Klein v. Kay

GREENBERG, J.,

This matter comes before the court on a stipulation of facts submitted by counsel for plaintiffs and garnishees. Plaintiffs, Beatrice and Edward Klein, had originally commenced this action in trespass against defendant, Samuel Kay, the owner and operator of an automobile service station, alleging, inter alia, that Kay and/or his employes made certain repairs to plaintiffs’ automobile in such a negligent manner that they were the proximate cause of certain personal injuries suffered by plaintiff Edward Klein, when the automobile was subsequently involved in an accident. This matter proceeded to trial before the late Honorable Thomas Reed, who, sitting without a jury, found that defendant herein had been negligent in making the aforementioned auto repairs and that this negligence had been the proximate cause of plaintiffs’ personal injuries. Accordingly, that court entered a verdict in favor of plaintiff Edward Klein against defendant, Samuel Kay, in the amount of $60,000. Thereafter plaintiff properly entered judgment on the verdict.
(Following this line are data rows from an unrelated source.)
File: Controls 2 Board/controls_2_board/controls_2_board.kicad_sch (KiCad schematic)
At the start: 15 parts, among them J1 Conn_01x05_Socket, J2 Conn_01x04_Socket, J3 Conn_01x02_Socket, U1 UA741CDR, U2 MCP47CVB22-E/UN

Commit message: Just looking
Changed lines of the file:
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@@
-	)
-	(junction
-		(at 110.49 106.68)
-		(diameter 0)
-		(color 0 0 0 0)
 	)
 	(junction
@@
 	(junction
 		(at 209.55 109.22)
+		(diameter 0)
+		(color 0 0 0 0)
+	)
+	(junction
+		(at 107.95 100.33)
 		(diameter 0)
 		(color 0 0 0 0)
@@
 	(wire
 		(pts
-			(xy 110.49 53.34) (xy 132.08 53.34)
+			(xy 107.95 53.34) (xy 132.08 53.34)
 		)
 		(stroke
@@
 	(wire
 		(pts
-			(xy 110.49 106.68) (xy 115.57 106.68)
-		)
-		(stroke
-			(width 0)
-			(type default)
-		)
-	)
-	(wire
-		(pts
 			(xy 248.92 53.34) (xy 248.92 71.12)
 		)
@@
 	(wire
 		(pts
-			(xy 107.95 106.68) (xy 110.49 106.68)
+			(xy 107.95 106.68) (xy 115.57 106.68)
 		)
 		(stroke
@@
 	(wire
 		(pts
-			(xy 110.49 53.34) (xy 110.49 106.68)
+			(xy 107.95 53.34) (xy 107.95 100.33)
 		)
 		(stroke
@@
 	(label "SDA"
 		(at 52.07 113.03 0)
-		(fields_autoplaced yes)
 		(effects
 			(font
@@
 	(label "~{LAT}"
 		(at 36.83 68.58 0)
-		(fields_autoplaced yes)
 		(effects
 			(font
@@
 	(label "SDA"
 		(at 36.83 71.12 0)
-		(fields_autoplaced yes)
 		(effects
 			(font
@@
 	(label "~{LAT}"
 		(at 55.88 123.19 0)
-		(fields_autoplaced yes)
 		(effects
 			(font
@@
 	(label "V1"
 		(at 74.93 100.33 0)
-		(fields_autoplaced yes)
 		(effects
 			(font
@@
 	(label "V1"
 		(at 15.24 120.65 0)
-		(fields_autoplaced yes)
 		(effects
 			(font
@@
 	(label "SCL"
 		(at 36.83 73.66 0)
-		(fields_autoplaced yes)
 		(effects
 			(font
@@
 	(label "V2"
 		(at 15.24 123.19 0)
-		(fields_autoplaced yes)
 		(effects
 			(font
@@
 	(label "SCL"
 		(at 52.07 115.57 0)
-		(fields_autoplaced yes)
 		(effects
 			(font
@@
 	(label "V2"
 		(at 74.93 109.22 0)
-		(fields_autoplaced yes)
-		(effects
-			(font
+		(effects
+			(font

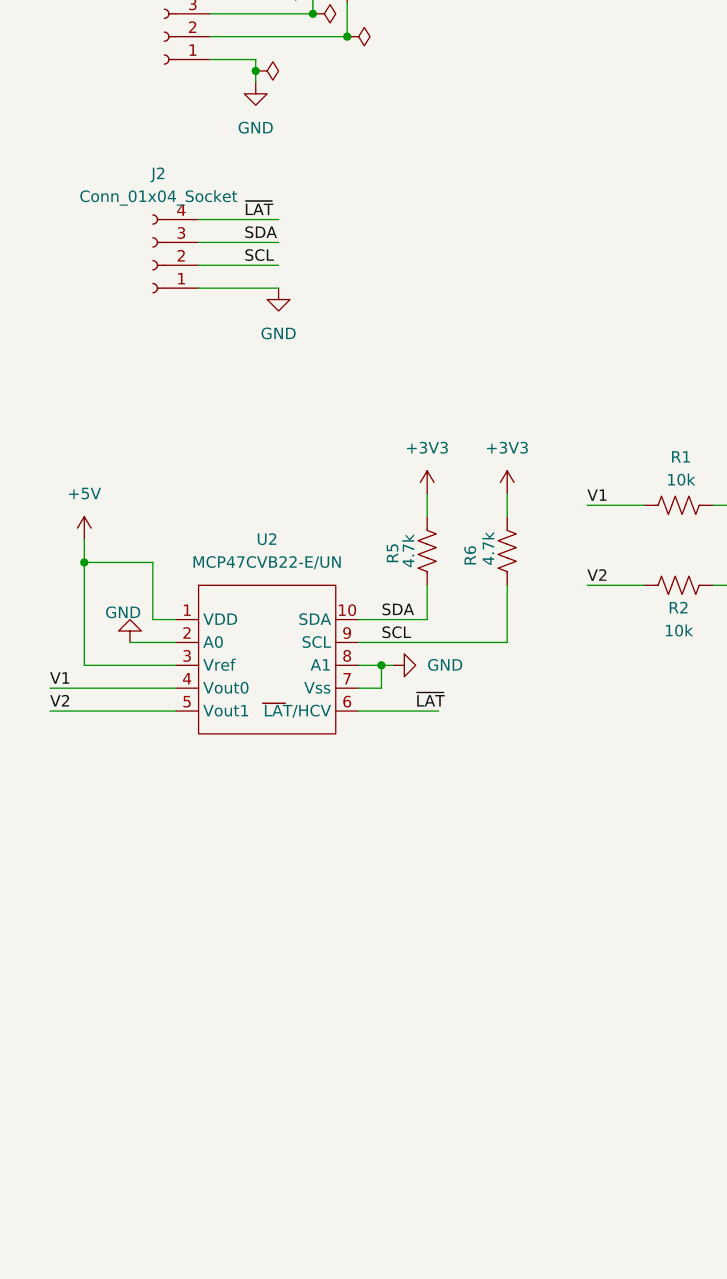
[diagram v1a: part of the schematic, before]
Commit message: Added pico
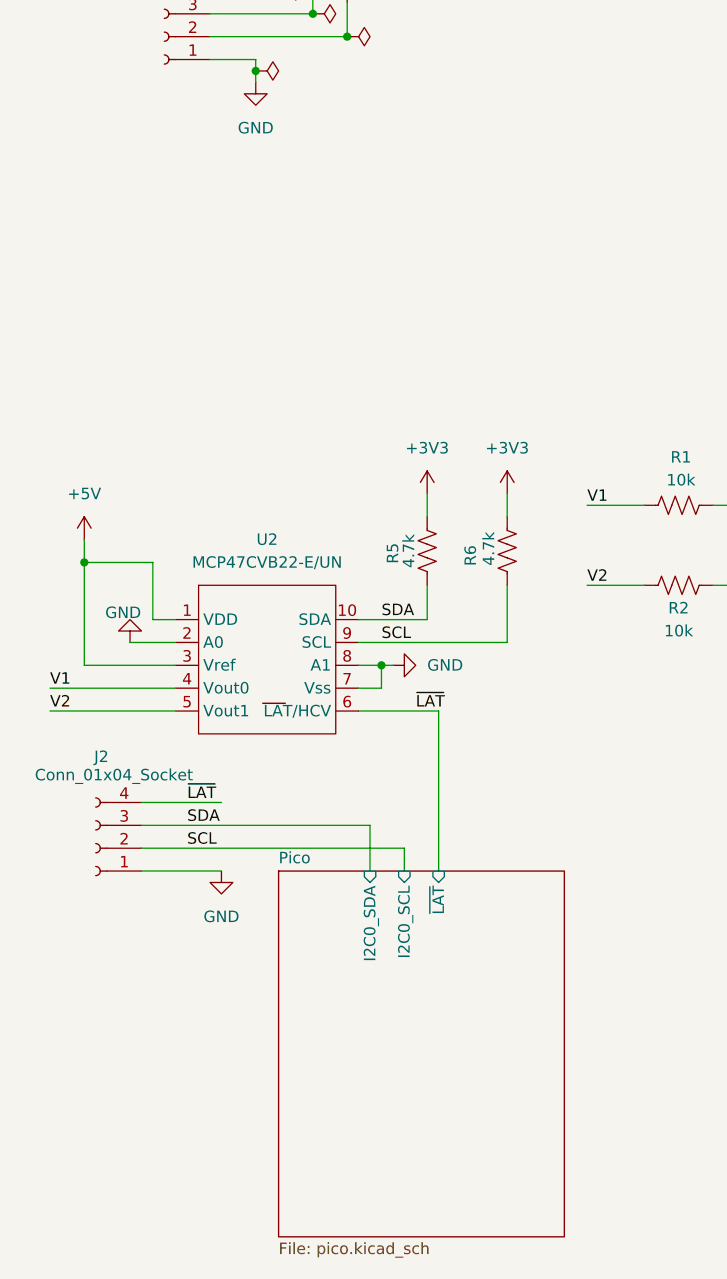
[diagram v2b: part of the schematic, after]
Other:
- added sheet Pico (pico.kicad_sch)
- moved on the sheet: J2
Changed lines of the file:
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@@
 	(wire
 		(pts
-			(xy 31.75 73.66) (xy 40.64 73.66)
+			(xy 25.4 138.43) (xy 54.61 138.43)
 		)
 		(stroke
@@
 	(wire
 		(pts
-			(xy 31.75 71.12) (xy 40.64 71.12)
+			(xy 25.4 135.89) (xy 50.8 135.89)
 		)
 		(stroke
@@
 	(wire
 		(pts
+			(xy 50.8 135.89) (xy 50.8 140.97)
+		)
+		(stroke
+			(width 0)
+			(type default)
+		)
+	)
+	(wire
+		(pts
 			(xy 248.92 53.34) (xy 248.92 71.12)
 		)
@@
 	(wire
 		(pts
+			(xy 58.42 123.19) (xy 58.42 140.97)
+		)
+		(stroke
+			(width 0)
+			(type default)
+		)
+	)
+	(wire
+		(pts
 			(xy 74.93 109.22) (xy 81.28 109.22)
 		)
@@
 	(wire
 		(pts
-			(xy 31.75 76.2) (xy 40.64 76.2)
+			(xy 25.4 140.97) (xy 34.29 140.97)
 		)
 		(stroke
@@
 	(wire
 		(pts
+			(xy 54.61 138.43) (xy 54.61 140.97)
+		)
+		(stroke
+			(width 0)
+			(type default)
+		)
+	)
+	(wire
+		(pts
 			(xy 66.04 115.57) (xy 66.04 109.22)
 		)
@@
 	(wire
 		(pts
-			(xy 31.75 68.58) (xy 40.64 68.58)
+			(xy 25.4 133.35) (xy 34.29 133.35)
 		)
 		(stroke
@@
 	)
 	(label "~{LAT}"
-		(at 36.83 68.58 0)
+		(at 30.48 133.35 0)
 		(effects
 			(font
@@
 	)
 	(label "SDA"
-		(at 36.83 71.12 0)
+		(at 30.48 135.89 0)
 		(effects
 			(font
@@
 	)
 	(label "SCL"
-		(at 36.83 73.66 0)
+		(at 30.48 138.43 0)
 		(effects
 			(font
@@
 	(symbol
 		(lib_id "power:GND")
-		(at 40.64 76.2 0)
+		(at 34.29 140.97 0)
 		(unit 1)
 		(exclude_from_sim no)
@@
 		(fields_autoplaced yes)
 		(property "Reference" "#PWR018"
-			(at 40.64 82.55 0)
+			(at 34.29 147.32 0)
 			(effects
 				(font
@@
 		)
 		(property "Value" "GND"
-			(at 40.64 81.28 0)
+			(at 34.29 146.05 0)
 			(effects
 				(font
@@
 		)
 		(property "Footprint" ""
-			(at 40.64 76.2 0)
+			(at 34.29 140.97 0)
 			(effects
 				(font
@@
 		)
 		(property "Datasheet" ""
-			(at 40.64 76.2 0)
+			(at 34.29 140.97 0)
 			(effects
 				(font
@@
 		)
 		(property "Description" "Power symbol creates a global label with name \"GND\" , ground"
-			(at 40.64 76.2 0)
+			(at 34.29 140.97 0)
 			(effects
 				(font
@@
 	(symbol
 		(lib_id "Connector:Conn_01x04_Socket")
-		(at 26.67 73.66 180)
+		(at 20.32 138.43 180)
 		(unit 1)
 		(exclude_from_sim no)
@@
 		(on_board yes)
 		(dnp no)
-		(fields_autoplaced yes)
 		(property "Reference" "J2"
-			(at 27.305 63.5 0)
+			(at 20.955 128.27 0)
 			(effects
 				(font
@@
 		)
 		(property "Value" "Conn_01x04_Socket"
-			(at 27.305 66.04 0)
+			(at 22.352 130.302 0)
 			(effects
 				(font
@@
 		)
 		(property "Footprint" "Connector_PinSocket_2.54mm:PinSocket_1x04_P2.54mm_Vertical"
-			(at 26.67 73.66 0)
+			(at 20.32 138.43 0)
 			(effects
 				(font
@@
 		)
 		(property "Datasheet" "~"
-			(at 26.67 73.66 0)
+			(at 20.32 138.43 0)
 			(effects
 				(font
@@
 		)
 		(property "Description" "Generic connector, single row, 01x04, script generated"
-			(at 26.67 73.66 0)
+			(at 20.32 138.43 0)
 			(effects
 				(font
@@
 				)
 			)
+		)
+	)
+	(sheet
+		(at 40.64 140.97)
+		(size 31.75 40.64)
+		(fields_autoplaced yes)
+		(stroke
+			(width 0.1524)
+			(type solid)
+		)
+		(fill
+			(color 0 0 0 0.0000)
+		)
+		(property "Sheetname" "Pico"
+			(at 40.64 140.2584 0)
+			(effects
+				(font
+					(size 1.27 1.27)
+				)
+				(justify left bottom)
+			)
+		)
+		(property "Sheetfile" "pico.kicad_sch"
+			(at 40.64 182.1946 0)
+			(effects
+				(font
+					(size 1.27 1.27)
+				)
+				(justify left top)
+			)
+		)
+		(pin "I2C0_SDA" input
+			(at 50.8 140.97 90)
+			(effects
+				(font
+					(size 1.27 1.27)
+				)
+				(justify right)
+			)
+		)
+		(pin "I2C0_SCL" input
+			(at 54.61 140.97 90)
+			(effects
+				(font
+					(size 1.27 1.27)
+				)
+				(justify right)
+			)
+		)
+		(pin "~{LAT}" input
+			(at 58.42 140.97 90)
+			(effects
+				(font
+					(size 1.27 1.27)
+				)
+				(justify right)
+			)
+		)
+		(instances
+			(project "controls_2_board"
+				(path "/34b50189-37ca-4c86-b9ce-0a27b911ed8e"
+					(page "2")
+				)
+			)

Plaintiff subsequently encountered problems by reason of the fact that defendant, who had been insured by garnishees herein at the time the negligent acts had taken place, was no longer insured by *529them at the time plaintiffs suffered their injuries and garnishees therefore disclaimed coverage under the policy of insurance. It was this disclaimer of coverage on the part of garnishees that caused this matter to come before our late colleague, the Honorable Jay H. Eiseman, and, presently, to us.

Since the court is not faced with any outstanding factual dispute, but rather with a narrow legal question only, this case was submitted upon, what is for all practical and pertinent purposes, a case stated. Based on this we make the following

FINDINGS OF FACT

1. On February 10, 1961, defendant, Samuel Kay, was the owner and operator of an automobile service station, trading as City Line ESSO, at which time he, or his employes, made certain repairs to the automobile of plaintiff Beatrice Klein.

2. Plaintiff Edward Klein alleged that because of faulty repairs made by Kay or his employes, grease and/or oil eventually got onto the brakes of the vehicle and that they failed to work properly, causing him on March 23, 1961, to be involved in a collision in which he sustained personal injuries.

3. Plaintiff Edward Klein, and his wife, Beatrice Klein, commenced this action against defendant, Samuel Kay, by complaint in trespass alleging, inter alia, that defendant and/or his employes made the aforesaid repairs in a negligent manner and that the same were the proximate cause of the injuries suffered by plaintiff Edward Klein on March 23, 1961.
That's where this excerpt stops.